Y a-t-il un traitement ?
Il n’existe actuellement aucun traitement ou vaccin spécifiquement autorisé pour la prévention et le traitement du Bundibugyo.
Cependant, l’OMS a jugé plusieurs produits candidats suffisamment prometteurs pour justifier une évaluation prioritaire dans le cadre d’essais cliniques et travaille désormais avec les gouvernements de la République démocratique du Congo et de l’Ouganda.
Les experts indépendants de l’organisation ont recommandé de donner la priorité à trois thérapies pour les essais cliniques : les traitements aux anticorps de Mapp Biopharmaceutical et Regeneron, et le médicament antiviral remdesivir de Gilead Sciences.
La thérapie par anticorps de Mapp a été créée pour une souche différente d’Ebola, le virus soudanais, mais peut être utilisée contre Bundibugyo.
La propagation du virus pourrait-elle être évitée ?
Les experts de l’OMS considèrent plusieurs vaccins actuellement en développement comme des candidats « prometteurs ».
Aucun n’est encore prêt à être utilisé, mais certains pourraient l’être dans les mois à venir.
Le candidat le plus favorisé est le vaccin rVSV Bundibugyo à dose unique, développé par l’Initiative internationale pour un vaccin contre le sida.

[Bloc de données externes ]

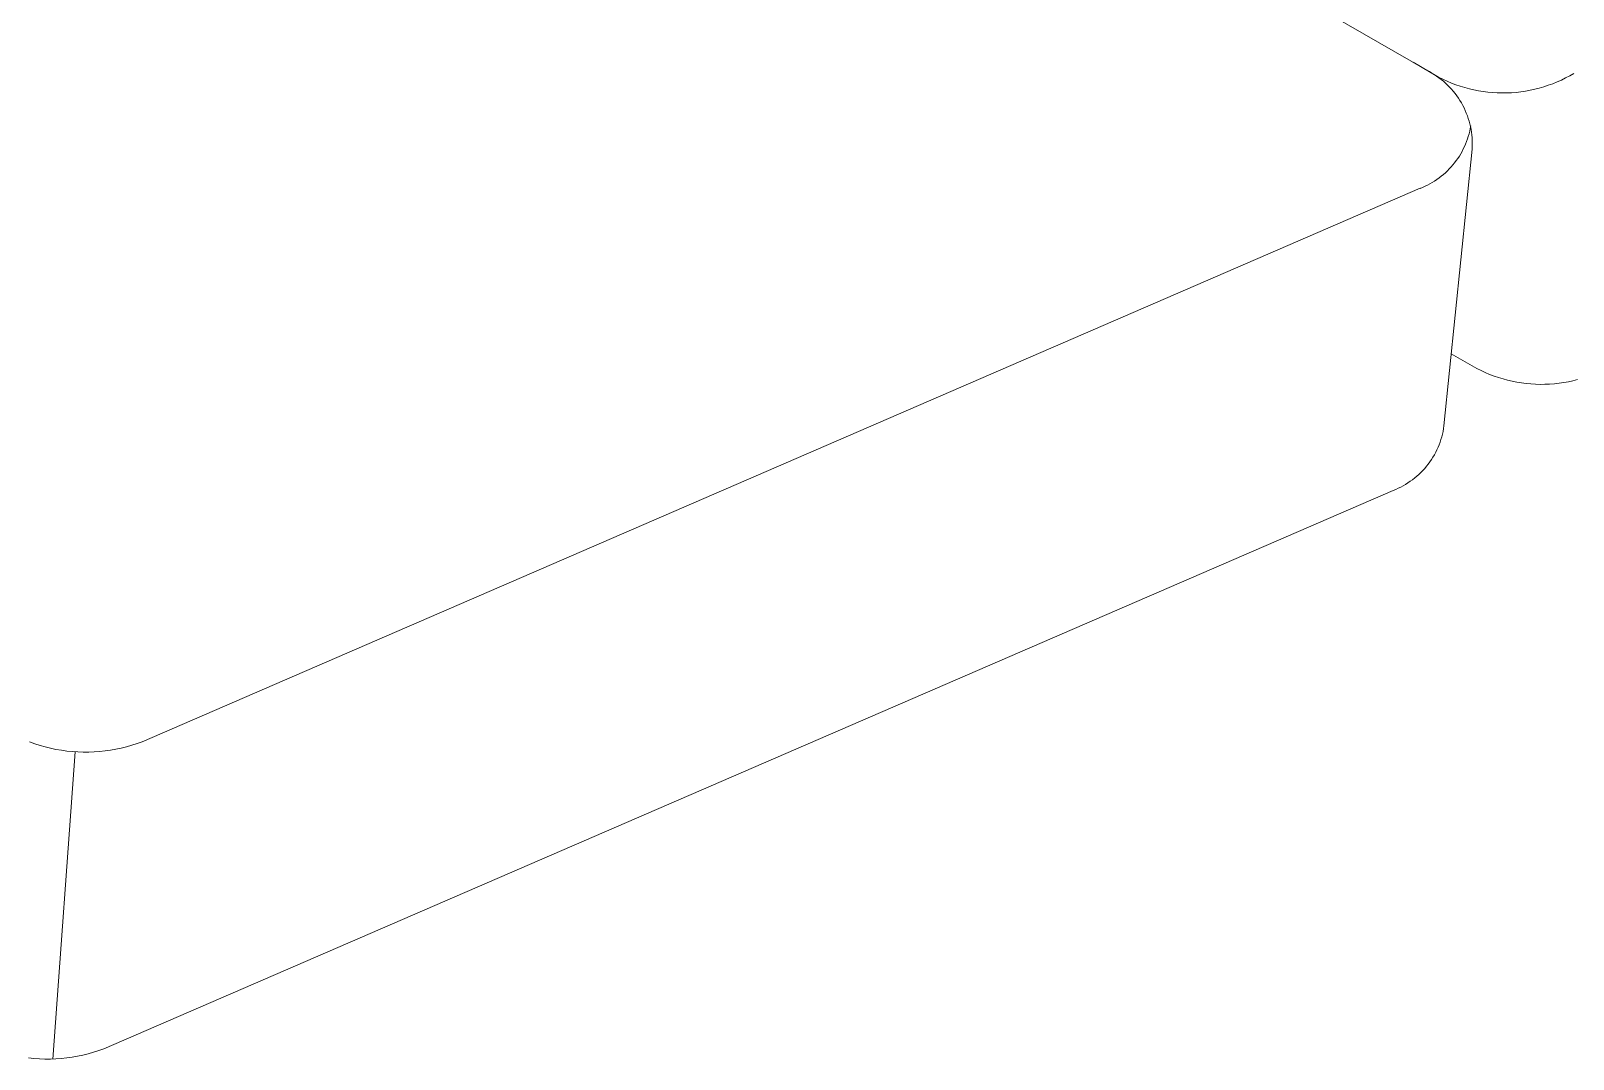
# Model space of a CAD drawing. Header units: inches. Extents: x -7 to 144, y -3 to 95.
# Drawn here: x 128.36 to 133.65, y 60.27 to 63.79 of the extents above; entities that cross this region are included whole.
import ezdxf

# ---------------------------------------------------------------- set-up
doc = ezdxf.new("R2010")
doc.units = ezdxf.units.IN
doc.layers.add('ZANO_R', color=7, linetype='Continuous', lineweight=0)

msp = doc.modelspace()

# ---------------------------------------------------------------- linework, layer by layer
at = {"layer": 'ZANO_R'}
for p, q in [((125.075, 68.32072), (133.14826, 63.65962)), ((133.18847, 63.63647), (133.10098, 63.68699)), ((133.14826, 63.65962), (133.15686, 63.65512)), ((133.15686, 63.65512), (133.1653, 63.65032)), ((133.1653, 63.65032), (133.17357, 63.64524)), ((133.17357, 63.64524), (133.18166, 63.63988)), ((133.18166, 63.63988), (133.18956, 63.63424)), ((133.2029, 63.62919), (133.18847, 63.63647)), ((133.18956, 63.63424), (133.19727, 63.62833)), ((133.19727, 63.62833), (133.20476, 63.62217)), ((133.21757, 63.62241), (133.2029, 63.62919)), ((133.20476, 63.62217), (133.21204, 63.61574)), ((133.21204, 63.61574), (133.21909, 63.60908)), ((133.23246, 63.61612), (133.21757, 63.62241)), ((133.21909, 63.60908), (133.22591, 63.60217)), ((133.24755, 63.61035), (133.23246, 63.61612)), ((133.26283, 63.6051), (133.24755, 63.61035)), ((133.56454, 63.60818), (133.54918, 63.60314)), ((133.57971, 63.61374), (133.56454, 63.60818)), ((133.59468, 63.61982), (133.57971, 63.61374)), ((133.60944, 63.6264), (133.59468, 63.61982)), ((133.62397, 63.63348), (133.60944, 63.6264)), ((133.63824, 63.64106), (133.62397, 63.63348)), ((133.65225, 63.64911), (133.63824, 63.64106)), ((133.22591, 63.60217), (133.23249, 63.59503)), ((133.23249, 63.59503), (133.23882, 63.58767)), ((133.23882, 63.58767), (133.24489, 63.5801)), ((133.24489, 63.5801), (133.2507, 63.57233)), ((133.2507, 63.57233), (133.25624, 63.56435)), ((133.25624, 63.56435), (133.2615, 63.5562)), ((133.2615, 63.5562), (133.26648, 63.54786)), ((133.27829, 63.60038), (133.26283, 63.6051)), ((133.29389, 63.59618), (133.27829, 63.60038)), ((133.30963, 63.59252), (133.29389, 63.59618)), ((133.32549, 63.58939), (133.30963, 63.59252)), ((133.34144, 63.58681), (133.32549, 63.58939)), ((133.35747, 63.58478), (133.34144, 63.58681)), ((133.37357, 63.58329), (133.35747, 63.58478)), ((133.3897, 63.58235), (133.37357, 63.58329)), ((133.40586, 63.58196), (133.3897, 63.58235)), ((133.42202, 63.58213), (133.40586, 63.58196)), ((133.43816, 63.58284), (133.42202, 63.58213)), ((133.45427, 63.58411), (133.43816, 63.58284)), ((133.47033, 63.58593), (133.45427, 63.58411)), ((133.48632, 63.58829), (133.47033, 63.58593)), ((133.50221, 63.59119), (133.48632, 63.58829)), ((133.518, 63.59464), (133.50221, 63.59119)), ((133.53366, 63.59862), (133.518, 63.59464)), ((133.54918, 63.60314), (133.53366, 63.59862)), ((133.26648, 63.54786), (133.27117, 63.53936)), ((133.27117, 63.53936), (133.27556, 63.53071)), ((133.27556, 63.53071), (133.27965, 63.52191)), ((133.27965, 63.52191), (133.28344, 63.51297)), ((133.28344, 63.51297), (133.28692, 63.50391)), ((133.28692, 63.50391), (133.29008, 63.49473)), ((133.29008, 63.49473), (133.29293, 63.48545)), ((133.29496, 63.45124), (133.29275, 63.44218)), ((133.29293, 63.48545), (133.29545, 63.47608)), ((133.29687, 63.46037), (133.29496, 63.45124)), ((133.29545, 63.47608), (133.29766, 63.46663)), ((133.29846, 63.46955), (133.29687, 63.46037)), ((133.29766, 63.46663), (133.29953, 63.45711)), ((133.29953, 63.45711), (133.30108, 63.44752)), ((133.27717, 63.39829), (133.27318, 63.38986)), ((133.28088, 63.40685), (133.27717, 63.39829)), ((133.28429, 63.41552), (133.28088, 63.40685)), ((133.28741, 63.42431), (133.28429, 63.41552)), ((133.29023, 63.4332), (133.28741, 63.42431)), ((133.29275, 63.44218), (133.29023, 63.4332)), ((133.30108, 63.44752), (133.3023, 63.43789)), ((133.3023, 63.43789), (133.30318, 63.42823)), ((133.30318, 63.42823), (133.30374, 63.41854)), ((133.30384, 63.39913), (133.30339, 63.38943)), ((133.30374, 63.41854), (133.30396, 63.40883)), ((133.30396, 63.40883), (133.30384, 63.39913)), ((133.30339, 63.38943), (133.20673, 62.4405)), ((133.24906, 63.35002), (133.24345, 63.34258)), ((133.25442, 63.35765), (133.24906, 63.35002)), ((133.25951, 63.36546), (133.25442, 63.35765)), ((133.26434, 63.37344), (133.25951, 63.36546)), ((133.2689, 63.38158), (133.26434, 63.37344)), ((133.27318, 63.38986), (133.2689, 63.38158)), ((133.19758, 63.29634), (133.19017, 63.29067)), ((133.20478, 63.30226), (133.19758, 63.29634)), ((133.21178, 63.30842), (133.20478, 63.30226)), ((133.21857, 63.31482), (133.21178, 63.30842)), ((133.22514, 63.32144), (133.21857, 63.31482)), ((133.23148, 63.32827), (133.22514, 63.32144)), ((133.23758, 63.33532), (133.23148, 63.32827)), ((133.24345, 63.34258), (133.23758, 63.33532)), ((133.12552, 63.25517), (128.7439, 61.35772)), ((133.1336, 63.25841), (133.12495, 63.25492)), ((133.14213, 63.26218), (133.1336, 63.25841)), ((133.15052, 63.26624), (133.14213, 63.26218)), ((133.15878, 63.27059), (133.15052, 63.26624)), ((133.16688, 63.27521), (133.15878, 63.27059)), ((133.17482, 63.2801), (133.16688, 63.27521)), ((133.18258, 63.28525), (133.17482, 63.2801)), ((133.19017, 63.29067), (133.18258, 63.28525)), ((133.31943, 62.63743), (133.23194, 62.68795)), ((133.33386, 62.63015), (133.31943, 62.63743)), ((133.34853, 62.62336), (133.33386, 62.63015)), ((133.36342, 62.61708), (133.34853, 62.62336)), ((133.37851, 62.61131), (133.36342, 62.61708)), ((133.3938, 62.60606), (133.37851, 62.61131)), ((133.40925, 62.60133), (133.3938, 62.60606)), ((133.42486, 62.59713), (133.40925, 62.60133)), ((133.4406, 62.59347), (133.42486, 62.59713)), ((133.45645, 62.59035), (133.4406, 62.59347)), ((133.4724, 62.58777), (133.45645, 62.59035)), ((133.48844, 62.58573), (133.4724, 62.58777)), ((133.50453, 62.58424), (133.48844, 62.58573)), ((133.52066, 62.58331), (133.50453, 62.58424)), ((133.53682, 62.58292), (133.52066, 62.58331)), ((133.55298, 62.58308), (133.53682, 62.58292)), ((133.56912, 62.5838), (133.55298, 62.58308)), ((133.58523, 62.58507), (133.56912, 62.5838)), ((133.60129, 62.58688), (133.58523, 62.58507)), ((133.61728, 62.58924), (133.60129, 62.58688)), ((133.63318, 62.59215), (133.61728, 62.58924)), ((133.64896, 62.59559), (133.63318, 62.59215)), ((133.66463, 62.59958), (133.64896, 62.59559)), ((133.19655, 62.39398), (133.19355, 62.38492)), ((133.19923, 62.40313), (133.19655, 62.39398)), ((133.20159, 62.41237), (133.19923, 62.40313)), ((133.20363, 62.42168), (133.20159, 62.41237)), ((133.20535, 62.43106), (133.20363, 62.42168)), ((133.20673, 62.4405), (133.20535, 62.43106)), ((133.17396, 62.34152), (133.16915, 62.33329)), ((133.17848, 62.34992), (133.17396, 62.34152)), ((133.1827, 62.35847), (133.17848, 62.34992)), ((133.18663, 62.36716), (133.1827, 62.35847)), ((133.19024, 62.37598), (133.18663, 62.36716)), ((133.19355, 62.38492), (133.19024, 62.37598)), ((133.13459, 62.28782), (133.12794, 62.28099)), ((133.14099, 62.29488), (133.13459, 62.28782)), ((133.14715, 62.30216), (133.14099, 62.29488)), ((133.15306, 62.30965), (133.14715, 62.30216)), ((133.15869, 62.31734), (133.15306, 62.30965)), ((133.16406, 62.32522), (133.15869, 62.31734)), ((133.16915, 62.33329), (133.16406, 62.32522)), ((133.06706, 62.23542), (133.05863, 62.23096)), ((133.07533, 62.24016), (133.06706, 62.23542)), ((133.08343, 62.24519), (133.07533, 62.24016)), ((133.09135, 62.2505), (133.08343, 62.24519)), ((133.09908, 62.25608), (133.09135, 62.2505)), ((133.10662, 62.26193), (133.09908, 62.25608)), ((133.11394, 62.26803), (133.10662, 62.26193)), ((133.12105, 62.27439), (133.11394, 62.26803)), ((133.12794, 62.28099), (133.12105, 62.27439)), ((133.03248, 62.21939), (128.61264, 60.30539)), ((133.04133, 62.22294), (133.03248, 62.21939)), ((133.05005, 62.2268), (133.04133, 62.22294)), ((133.05863, 62.23096), (133.05005, 62.2268)), ((128.37582, 61.35074), (128.35814, 61.35708)), ((128.3937, 61.34502), (128.37582, 61.35074)), ((128.41177, 61.33992), (128.3937, 61.34502)), ((128.43001, 61.33544), (128.41177, 61.33992)), ((128.44839, 61.3316), (128.43001, 61.33544)), ((128.6721, 61.33584), (128.65373, 61.33194)), ((128.69033, 61.34038), (128.6721, 61.33584)), ((128.70838, 61.34554), (128.69033, 61.34038)), ((128.72625, 61.35132), (128.70838, 61.34554)), ((128.7439, 61.35772), (128.72625, 61.35132)), ((128.51369, 61.32322), (128.43738, 60.26951)), ((128.4669, 61.3284), (128.44839, 61.3316)), ((128.4855, 61.32584), (128.4669, 61.3284)), ((128.50418, 61.32392), (128.4855, 61.32584)), ((128.52292, 61.32266), (128.50418, 61.32392)), ((128.54169, 61.32204), (128.52292, 61.32266)), ((128.56047, 61.32207), (128.54169, 61.32204)), ((128.57924, 61.32275), (128.56047, 61.32207)), ((128.59797, 61.32408), (128.57924, 61.32275)), ((128.61664, 61.32605), (128.59797, 61.32408)), ((128.63524, 61.32868), (128.61664, 61.32605)), ((128.65373, 61.33194), (128.63524, 61.32868)), ((128.52247, 60.27961), (128.50398, 60.27635)), ((128.54084, 60.28351), (128.52247, 60.27961)), ((128.55906, 60.28805), (128.54084, 60.28351)), ((128.57712, 60.29321), (128.55906, 60.28805)), ((128.59499, 60.29899), (128.57712, 60.29321)), ((128.61264, 60.30539), (128.59499, 60.29899)), ((128.37292, 60.27159), (128.35424, 60.27351)), ((128.39166, 60.27032), (128.37292, 60.27159)), ((128.41043, 60.26971), (128.39166, 60.27032)), ((128.42921, 60.26974), (128.41043, 60.26971)), ((128.44797, 60.27042), (128.42921, 60.26974)), ((128.46671, 60.27175), (128.44797, 60.27042)), ((128.48538, 60.27372), (128.46671, 60.27175)), ((128.50398, 60.27635), (128.48538, 60.27372))]:
    msp.add_line(p, q, dxfattribs=at)

doc.saveas('drawing.dxf')

Il faudra probablement sept à neuf mois avant qu’il soit prêt à être évalué dans le cadre d’un essai clinique visant à déterminer sa capacité à prévenir l’infection.
Un autre candidat, ChAdOx1 Bundibugyo, développé par l’Université d’Oxford et le Serum Institute of India, pourrait être disponible d’ici deux à trois mois pour évaluer son efficacité au travers d’un essai clinique.
Cependant, les experts ont noté que des données animales supplémentaires sont encore nécessaires pour étayer et confirmer une priorisation plus poussée.
“En attendant, notre priorité est d’arrêter la transmission avec les outils que nous avons utilisés pendant des décennies de réponse à Ebola”, a déclaré l’OMS.
Il s’agit notamment de la surveillance des maladies, des tests et diagnostics rapides, de la recherche des contacts, de l’isolement et des soins des patients, de la prévention et du contrôle des infections, de l’engagement communautaire et des enterrements sûrs et dignes.